All that is wanted is the lines from the first line of the listing below through the line containing "constraint horizontal L9", written out exactly with pictures left out.

|---|

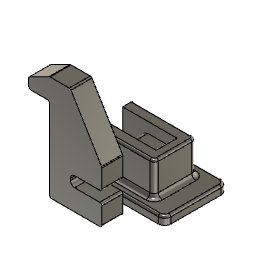
ac_filler_support (Autodesk Fusion 360 design; units mm, degrees)
Autodesk Fusion 360 part; units mm, degrees
sketch "Sketch1" plane through (0, 0, 0) normal (0, 1, 0) x (1, 0, 0)
  line L0 (25, 0) -> (15, 0)
  line L1 (15, 0) -> (15, -40)
  line L2 (25, -15) -> (25, -10)
  line L3 (15, -40) -> (5, -40)
  line L4 (5, -40) -> (5, -45)
  line L5 (15, -50) -> (25, -50)
  line L6 (5, -45) -> (15, -50)
  line L7 (25, 0) -> (40, 0)
  line L8 (40, 0) -> (40, -10)
  line L9 (40, -10) -> (25, -10)
  line L10 (25, -15) -> (40, -15)
  line L11 (40, -15) -> (40, -25)
  line L12 (40, -25) -> (25, -50)
  constraint horizontal L0
  constraint vertical L1
  constraint vertical L2
  constraint horizontal L3
  constraint vertical L4
  constraint horizontal L5
  constraint horizontal L7
  constraint vertical L8
  constraint horizontal L9
  constraint perpendicular L2 L10
  constraint perpendicular L10 L11
extrude "Extrude1" add sketch "Sketch1" along normal blind 10 makes body 1
fillet "Fillet1" radius 1 10 edges at (15, 5, 50) (25, 5, 50) (40, 5, 25) (5, 5, 45) (5, 5, 40) (15, 5, 40) (15, 5, 0) (40, 5, 0) (40, 5, 10) (40, 5, 15) on bodies 1
fillet "Fillet2" radius 2 2 edges at (25, 5, 15) (25, 5, 10) on bodies 1
sketch "Sketch2" plane through (0, 0, 0) normal (0, 0, 1) x (1, 0, 0)
  line L0 (25, 15) -> (55, 15)
  line L1 (55, 15) -> (55, 45)
  line L2 (55, 45) -> (25, 45)
  line L3 (25, 35) -> (40, 35)
  line L4 (40, 35) -> (40, 25)
  line L5 (40, 25) -> (25, 25)
  line L6 (25, 45) -> (25, 35)
  line L7 (25, 25) -> (25, 15)
  constraint horizontal L0
  constraint vertical L1
  constraint horizontal L2
  constraint vertical L6
  constraint horizontal L3
  constraint vertical L4
  constraint horizontal L5
  constraint collinear L6 L7
extrude "Extrude2" add sketch "Sketch2" along normal blind 4 separate body makes body 2
sketch "Sketch3" plane through (0, 0, 4) normal (0, 0, 1) x (-1, 0, 0)
  line L0 (-25, -25) -> (-25, -15)
  line L1 (-25, -15) -> (-55, -15)
  line L2 (-55, -15) -> (-55, -45)
  line L3 (-55, -45) -> (-25, -45)
  line L4 (-25, -45) -> (-25, -35)
  line L5 (-25, -35) -> (-40, -35)
  line L6 (-40, -35) -> (-40, -25)
  line L7 (-40, -25) -> (-25, -25)
  line L8 (-25, -35) -> (-40, -35)
  line L9 (-40, -25) -> (-25, -25)
  line L10 (-25, -20) -> (-45, -20)
  line L11 (-45, -20) -> (-45, -40)
  line L12 (-45, -40) -> (-25, -40)
  constraint coincident L4.end L5.start
  constraint coincident L5.end L6.start
  constraint coincident L6.end L7.start
  constraint coincident L0.start L7.end
  constraint midpoint L0 L10.start
  constraint perpendicular L0 L10
  constraint perpendicular L10 L11
  constraint midpoint L4 L12.end
  constraint perpendicular L4 L12
extrude "Extrude3" add sketch "Sketch3" along normal blind 6 contours L0 L4 L5 L6 L7 L8 L9 L10 L11 L12 bodies 2
sketch "Sketch4" plane through (0, 0, 10) normal (0, 0, 1) x (-1, 0, 0)
  line L0 (-45, -40) -> (-25, -40)
  line L1 (-25, -40) -> (-25, -35)
  line L2 (-25, -35) -> (-40, -35)
  line L3 (-40, -35) -> (-40, -25)
  line L4 (-40, -25) -> (-25, -25)
  line L5 (-25, -25) -> (-25, -20)
  line L6 (-25, -20) -> (-45, -20)
  line L7 (-45, -20) -> (-45, -40)
  line L8 (-25, -40) -> (-45, -40)
  line L9 (-45, -40) -> (-45, -20)
  line L10 (-45, -20) -> (-25, -20)
  line L11 (-25, -20) -> (-25, -40)
  constraint horizontal L8
  constraint vertical L9
  constraint horizontal L10
  constraint vertical L11
  constraint coincident L6.end L7.start
  constraint coincident L0.end L1.start
extrude "Extrude4" add sketch "Sketch4" along normal blind 5 bodies 2
sketch "Sketch5" plane through (0, 0, 15) normal (0, 0, 1) x (-1, 0, 0)
  line L0 (-25, -20) -> (-45, -20)
  line L1 (-45, -20) -> (-45, -40)
  line L2 (-45, -40) -> (-25, -40)
  line L3 (-25, -40) -> (-25, -20)
  line L4 (-25, -40) -> (-45, -40)
  line L5 (-45, -20) -> (-25, -20)
  line L6 (-25, -25) -> (-40, -25)
  line L7 (-40, -25) -> (-40, -35)
  line L8 (-40, -35) -> (-25, -35)
  constraint coincident L2.end L3.start
  constraint coincident L1.end L2.start
  constraint coincident L0.end L1.start
  constraint coincident L0.start L3.end
  constraint coincident L3 L6.start
  constraint perpendicular L3 L6
  constraint perpendicular L6 L7
  constraint coincident L3 L8.end
  constraint perpendicular L3 L8
extrude "Extrude5" add sketch "Sketch5" along normal blind 5 contours L0 L1 L2 L3 L4 L5 L6 L7 L8 bodies 2
fillet "Fillet3" radius 3 1 edges at (55, 15, 2) on bodies 2
fillet "Fillet4" radius 3 1 edges at (55, 45, 2) on bodies 2
fillet "Fillet5" radius 2 2 edges at (25, 30, 15) (25, 30, 10) on bodies 2
sketch "Sketch6" plane through (25, 0, 0) normal (-1, 0, 0) x (0, -1, 0)
  line L0 (-35, 0) -> (-35, 12)
  line L1 (-35, 12) -> (-25, 12)
  line L2 (-25, 12) -> (-25, 0)
  line L3 (-25, 0) -> (-15, 0)
  line L4 (-15, 0) -> (-15, 4)
  line L5 (-15, 4) -> (-20, 4)
  line L6 (-20, 4) -> (-20, 20)
  line L7 (-20, 20) -> (-25, 20)
  line L8 (-25, 20) -> (-25, 13)
  line L9 (-25, 13) -> (-35, 13)
  line L10 (-35, 13) -> (-35, 20)
  line L11 (-35, 20) -> (-40, 20)
  line L12 (-40, 20) -> (-40, 4)
  line L13 (-40, 4) -> (-45, 4)
  line L14 (-45, 4) -> (-45, 0)
  line L15 (-45, 0) -> (-35, 0)
  line L16 (-40, 4) -> (-45, 4)
  line L17 (-45, 0) -> (-35, 0)
  line L18 (-35, 20) -> (-40, 20)
  line L19 (-25, 20) -> (-25, 0)
  line L20 (-15, 0) -> (-15, 4)
  line L21 (-20, 4) -> (-20, 20)
  line L22 (-35, 20) -> (-35, 0)
  constraint coincident L12.end L13.start
  constraint coincident L13.end L14.start
  constraint coincident L14.end L15.start
  constraint coincident L0.start L15.end
  constraint coincident L10.end L11.start
  constraint coincident L11.end L12.start
  constraint coincident L7.end L8.start
  constraint coincident L2.end L3.start
  constraint coincident L3.end L4.start
  constraint coincident L4.end L5.start
  constraint coincident L5.end L6.start
  constraint coincident L6.end L7.start
extrude "Extrude6" add sketch "Sketch6" along normal blind 10 contours L0 L10 L11 L12 L13 L14 L15 L16 L17 L18 L22 | L2 L3 L4 L5 L6 L7 L8 L19 L20 L21 bodies 2
fillet "Fillet6" radius 1 5 edges at (40, 30, 15) (40, 30, 20) (45, 30, 20) (30, 40, 20) (30, 20, 20) on bodies 2
fillet "Fillet7" radius 1 1 edges at (40, 30, 10) on bodies 2
fillet "Fillet8" radius 2 4 edges at (45, 20, 11.5) (44.7071, 20.2929, 19.7071) (45, 40, 11.5) (44.7071, 39.7071, 19.7071) on bodies 2
fillet "Fillet9" radius 1 5 edges at (33.5, 45, 4) (54.1213, 44.1213, 4) (55, 30, 4) (54.1213, 15.8787, 4) (33.5, 15, 4) on bodies 2
fillet "Fillet10" radius 2 5 edges at (29, 40, 4) (44.4142, 39.4142, 4) (45, 30, 4) (44.4142, 20.5858, 4) (29, 20, 4) on bodies 2

|---|

> **Result for this task**
ac_filler_support (Autodesk Fusion 360 design; units mm, degrees)
Autodesk Fusion 360 part; units mm, degrees
sketch "Sketch1" plane through (0, 0, 0) normal (0, 1, 0) x (1, 0, 0)
  line L0 (25, 0) -> (15, 0)
  line L1 (15, 0) -> (15, -40)
  line L2 (25, -15) -> (25, -10)
  line L3 (15, -40) -> (5, -40)
  line L4 (5, -40) -> (5, -45)
  line L5 (15, -50) -> (25, -50)
  line L6 (5, -45) -> (15, -50)
  line L7 (25, 0) -> (40, 0)
  line L8 (40, 0) -> (40, -10)
  line L9 (40, -10) -> (25, -10)
  line L10 (25, -15) -> (40, -15)
  line L11 (40, -15) -> (40, -25)
  line L12 (40, -25) -> (25, -50)
  constraint horizontal L0
  constraint vertical L1
  constraint vertical L2
  constraint horizontal L3
  constraint vertical L4
  constraint horizontal L5
  constraint horizontal L7
  constraint vertical L8
  constraint horizontal L9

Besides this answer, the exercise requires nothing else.